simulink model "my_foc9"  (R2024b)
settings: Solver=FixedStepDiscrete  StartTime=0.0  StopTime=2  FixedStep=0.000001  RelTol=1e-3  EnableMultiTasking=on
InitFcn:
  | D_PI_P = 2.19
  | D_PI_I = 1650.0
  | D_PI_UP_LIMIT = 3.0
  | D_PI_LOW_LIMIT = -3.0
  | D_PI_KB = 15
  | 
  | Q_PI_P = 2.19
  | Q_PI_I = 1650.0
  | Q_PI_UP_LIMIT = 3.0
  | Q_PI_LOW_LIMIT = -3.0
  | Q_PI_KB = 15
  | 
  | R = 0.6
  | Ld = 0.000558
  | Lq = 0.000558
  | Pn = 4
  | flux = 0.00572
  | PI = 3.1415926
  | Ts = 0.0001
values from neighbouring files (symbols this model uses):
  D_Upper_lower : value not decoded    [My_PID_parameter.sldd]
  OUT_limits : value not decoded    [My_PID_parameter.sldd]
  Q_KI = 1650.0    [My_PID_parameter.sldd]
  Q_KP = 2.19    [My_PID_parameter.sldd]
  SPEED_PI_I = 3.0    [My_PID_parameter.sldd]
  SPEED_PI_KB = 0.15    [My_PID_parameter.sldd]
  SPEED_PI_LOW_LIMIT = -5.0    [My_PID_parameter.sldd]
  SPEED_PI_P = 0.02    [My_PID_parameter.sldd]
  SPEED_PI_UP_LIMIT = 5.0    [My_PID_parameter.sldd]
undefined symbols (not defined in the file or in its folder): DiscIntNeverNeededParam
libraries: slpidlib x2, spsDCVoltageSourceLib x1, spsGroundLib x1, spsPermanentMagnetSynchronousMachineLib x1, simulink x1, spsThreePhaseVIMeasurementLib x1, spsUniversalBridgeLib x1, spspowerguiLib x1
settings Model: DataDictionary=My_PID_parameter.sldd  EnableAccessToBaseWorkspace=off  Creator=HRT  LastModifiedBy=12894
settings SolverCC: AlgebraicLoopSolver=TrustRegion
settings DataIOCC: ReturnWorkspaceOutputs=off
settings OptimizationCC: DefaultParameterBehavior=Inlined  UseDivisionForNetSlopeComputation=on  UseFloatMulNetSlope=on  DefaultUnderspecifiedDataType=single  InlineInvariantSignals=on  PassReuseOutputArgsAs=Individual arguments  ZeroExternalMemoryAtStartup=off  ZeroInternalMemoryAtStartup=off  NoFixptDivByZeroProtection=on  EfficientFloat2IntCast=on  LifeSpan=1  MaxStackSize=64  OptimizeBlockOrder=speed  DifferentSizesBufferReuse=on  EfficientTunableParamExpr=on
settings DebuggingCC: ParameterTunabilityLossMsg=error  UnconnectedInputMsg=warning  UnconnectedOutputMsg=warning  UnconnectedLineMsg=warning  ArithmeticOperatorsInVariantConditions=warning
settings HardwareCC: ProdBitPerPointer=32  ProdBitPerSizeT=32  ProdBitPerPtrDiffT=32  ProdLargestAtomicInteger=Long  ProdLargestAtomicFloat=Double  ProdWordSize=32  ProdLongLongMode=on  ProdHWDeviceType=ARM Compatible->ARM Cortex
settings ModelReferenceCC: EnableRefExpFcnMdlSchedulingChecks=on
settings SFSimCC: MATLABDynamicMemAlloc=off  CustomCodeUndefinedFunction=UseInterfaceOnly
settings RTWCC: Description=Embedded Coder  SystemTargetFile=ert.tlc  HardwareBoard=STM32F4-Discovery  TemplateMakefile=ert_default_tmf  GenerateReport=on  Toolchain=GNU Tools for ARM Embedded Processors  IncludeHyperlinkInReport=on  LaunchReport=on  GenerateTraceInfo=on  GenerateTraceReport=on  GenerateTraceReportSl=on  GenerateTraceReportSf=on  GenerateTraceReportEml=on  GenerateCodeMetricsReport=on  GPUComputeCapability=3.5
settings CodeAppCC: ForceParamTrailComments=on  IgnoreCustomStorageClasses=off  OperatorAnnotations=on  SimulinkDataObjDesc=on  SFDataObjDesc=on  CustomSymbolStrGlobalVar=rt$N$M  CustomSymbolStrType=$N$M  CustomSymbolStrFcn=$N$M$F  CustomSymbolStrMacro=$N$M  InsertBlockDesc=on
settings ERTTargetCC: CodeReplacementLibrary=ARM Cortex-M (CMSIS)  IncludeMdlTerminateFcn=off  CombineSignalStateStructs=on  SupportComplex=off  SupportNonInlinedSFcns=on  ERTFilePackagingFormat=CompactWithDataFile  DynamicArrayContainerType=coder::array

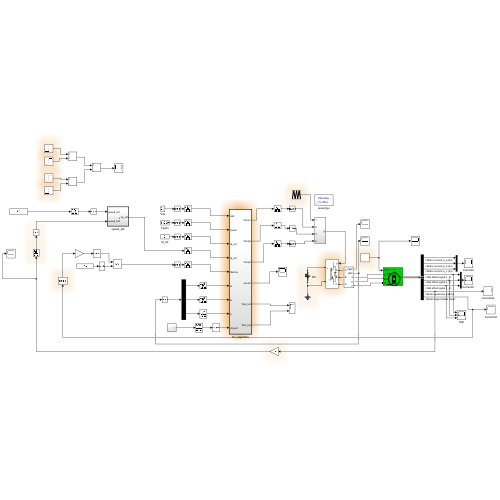
[thumbnail: Simulink's stored preview of the top-level diagram]
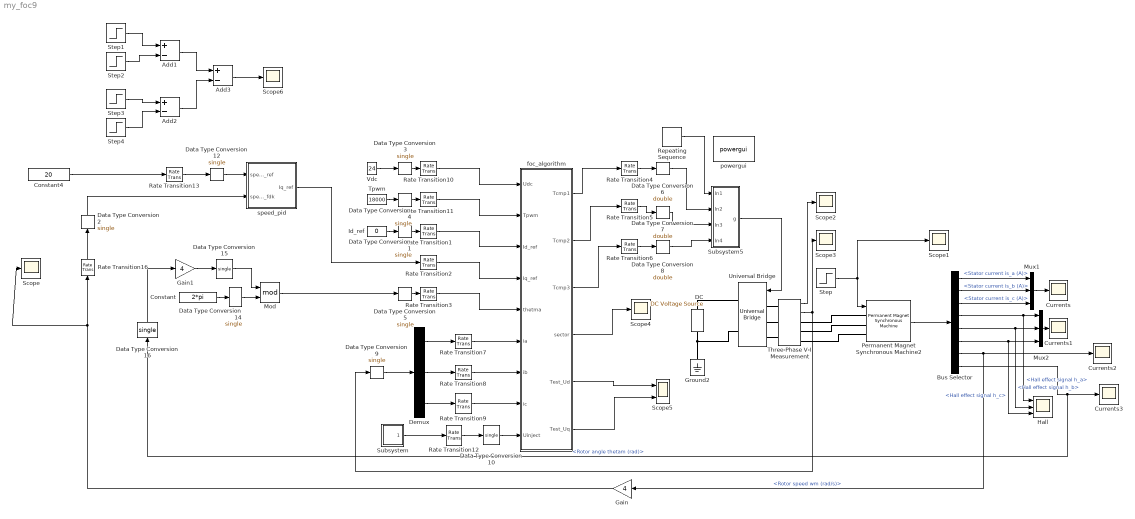
== system my_foc9 ==
  Add1 : Sum  Inputs=+-
  Add2 : Sum  Inputs=+-
  Add3 : Sum  Inputs=+-
  Bus Selector : BusSelector  OutputSignals=Stator current is_a (A),Stator current is_b (A),Stator current is_c (A),Hall effect signal h_a,Hall effect signal h_b,Hall effect signal h_c,Rotor speed wm (rad/s),Rotor angle thetam (rad)
  Constant : Constant  Value=2*pi
  Constant4 : Constant  Value=20  OutDataTypeStr=single
  Currents{,1..3} (4 alike) : Scope
  "DC " : spsDCVoltageSourceLib/DC Voltage Source  Amplitude=24  Measurements=None
  Data Type Conversion{1..5,9..10,12,14..16} (11 alike) : DataTypeConversion  OutDataTypeStr=single  SaturateOnIntegerOverflow=off  RndMeth=Floor
  Data Type Conversion6 : DataTypeConversion  OutDataTypeStr=double  SaturateOnIntegerOverflow=off  RndMeth=Floor
  Data Type Conversion7 : DataTypeConversion  OutDataTypeStr=double  SaturateOnIntegerOverflow=off  RndMeth=Floor
  Data Type Conversion8 : DataTypeConversion  OutDataTypeStr=double  SaturateOnIntegerOverflow=off  RndMeth=Floor
  Demux : Demux  Outputs=3
  Gain : Gain  Gain=4
  Gain1 : Gain  Gain=4
  Ground2 : spsGroundLib/Ground  LConnTagsString=a
  Hall : Scope  NumInputPorts=3
  Id_ref : Constant  Value=0
  Mod : Math  Operator=mod  SignedPower=on
  Mux1 : Mux  Inputs=3
  Mux2 : Mux  Inputs=3
  Permanent Magnet Synchronous Machine2 : spsPermanentMagnetSynchronousMachineLib/Permanent Magnet Synchronous Machine  NbPhases=3  FluxDistribution=Sinusoidal  RotorType=Round  MechanicalLoad=Torque Tm  PresetModel=No  ShowDetailedParameters=on  MeasurementBus=off  Resistance=0.6  Inductance=8.5e-3  dqInductances=[8.5e-3, 8.5e-3]  La=5.58e-4  MachineConstant=Flux linkage established by magnets (V.s)  Flux=0.00572  VoltageCst=4.15  TorqueCst=0.03432  Flat=120  Mechanical=[1.1e-5,1e-4,4,0.02]  PolePairs=4  InitialConditions=[0,0, 0,0]  InitialConditions5ph=[0 0 0 0 0 0]  RefAngle=Aligned with phase A axis (original Park)  IterativeDiscreteModel=Trapezoidal non iterative  TsBlock=-1  TsPowergui=0
  Rate Transition{1..13,16} (14 alike) : RateTransition
  Repeating Sequence : simulink/Sources/Repeating Sequence  rep_seq_t=[0 0.0001 0.0002]  rep_seq_y=[0 9000 0]
  Scope{,1..4,6} (6 alike) : Scope
  Scope5 : Scope  NumInputPorts=2
  Step : Step  Time=0  After=0  SampleTime=0
  Step1 : Step  Time=0.1  After=2  SampleTime=0
  Step2 : Step  Time=0.11  After=2  SampleTime=0
  Step3 : Step  Time=0.13  After=2  SampleTime=0
  Step4 : Step  Time=0.14  After=2  SampleTime=0
  Subsystem : Subsystem
  Subsystem5 : Subsystem
  Three-Phase V-I Measurement : spsThreePhaseVIMeasurementLib/Three-Phase V-I Measurement  VoltageMeasurement=phase-to-ground  SetLabelV=off  LabelV=Vabc  Vpu=off  VpuLL=off  CurrentMeasurement=yes  SetLabelI=off  LabelI=Iabc  Ipu=off  Pbase=100e6  Vbase=500e3  OutputType=Complex  PhasorSimulation=off  PSBequivalent=0
  Tpwm : Constant  Value=18000
  Universal Bridge : spsUniversalBridgeLib/Universal Bridge  Arms=3  SnubberResistance=1e5  SnubberCapacitance=inf  Device=IGBT / Diodes  Ron=1e-3  Lon=0  ForwardVoltages="[  0  0  ]"  ForwardVoltage=0  GTOparameters=[ 10e-6 , 20e-6 ]  IGBTparameters=[ 1e-6 , 2e-6 ]  Measurements=None  Measurements_2=None  converterType=Rectifier
  Vdc : Constant  Value=24
  foc_algorithm : Subsystem  TreatAsAtomicUnit=on  SystemSampleTime=0.0001
  powergui : spspowerguiLib/powergui  Priority=1  SimulationMode=Discrete  SampleTime=0.000001  frequency=60  Iterations=50  frequencyindice=0  Pbase=100e6  ErrMax=1e-4  UnitsV=kV  UnitsW=MW  buscounter=0  FunctionMessages=off  echomessages=off  EnableUseOfTLC=off  CurrentSourceSwitches=off  DisableSnubberDevices=off  DisableRonSwitches=off  DisableVfSwitches=off  DisplayEquations=off  AutomaticDiscreteSolvers=off  SolverType=Tustin/Backward Euler (TBE)  Interpol=off  ExternalGateDelay=off  methode=off  Ts=100  x0status=blocks  SPID=off  SwTol=0  HookPort=off  NonlinearTolerance=1e-4  nMaxIteration=100  ContinueOnMaxIteration=off  RestoreLinks=warning  ResistiveCurrentMeasurement=off  Frange=[0:2:500]  Ylog=off  Xlog=on  ShowGrid=off  save=off  variable=ZData  structure=0  ZoomFFT=off  StartTime=0.0  cycles=1  DisplayStyle=1  fundamental=60  FreqAxis=off  MaxFrequency=1000  frequencyindicesteady=1  RmsSteady=1  display=off
  speed_pid : Subsystem  TreatAsAtomicUnit=on  SystemSampleTime=0.001
  wires:
  Mux2/1 -> Currents1/1
  Rate Transition6/1 -> Data Type Conversion8/1
  Rate Transition10/1 -> foc_algorithm/1(Udc)
  Vdc/1 -> Data Type Conversion3/1
  Data Type Conversion8/1 -> Subsystem5/4(In4)
  Bus Selector/4 -> Hall/1, Mux2/1  "<Hall effect signal h_a>"
  Id_ref/1 -> Data Type Conversion1/1
  Rate Transition2/1 -> foc_algorithm/4(Iq_ref)
  Rate Transition3/1 -> foc_algorithm/5(thetma)
  Mux1/1 -> Currents/1
  Three-Phase V-I Measurement/1 -> Scope2/1
  Data Type Conversion1/1 -> Rate Transition1/1
  Bus Selector/6 -> Mux2/3, Hall/3  "<Hall effect signal h_c>"
  Bus Selector/2 -> Mux1/2  "<Stator current is_b (A)>"
  Bus Selector/7 -> Gain/1, Currents2/1  "<Rotor speed wm (rad/s)>"
  Rate Transition5/1 -> Data Type Conversion7/1
  Rate Transition1/1 -> foc_algorithm/3(Id_ref)
  Data Type Conversion7/1 -> Subsystem5/3(In3)
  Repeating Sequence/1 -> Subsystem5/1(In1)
━━━━━━━━
Copy the lines above exactly, beginning at the line that has "Mux2/1 -> Currents1/1" and stopping after the line that has "Bus Selector/4 ->", and omit the rest.

**OUTPUT FOR THIS EXERCISE**
  Mux2/1 -> Currents1/1
  Rate Transition6/1 -> Data Type Conversion8/1
  Rate Transition10/1 -> foc_algorithm/1(Udc)
  Vdc/1 -> Data Type Conversion3/1
  Data Type Conversion8/1 -> Subsystem5/4(In4)
  Bus Selector/4 -> Hall/1, Mux2/1  "<Hall effect signal h_a>"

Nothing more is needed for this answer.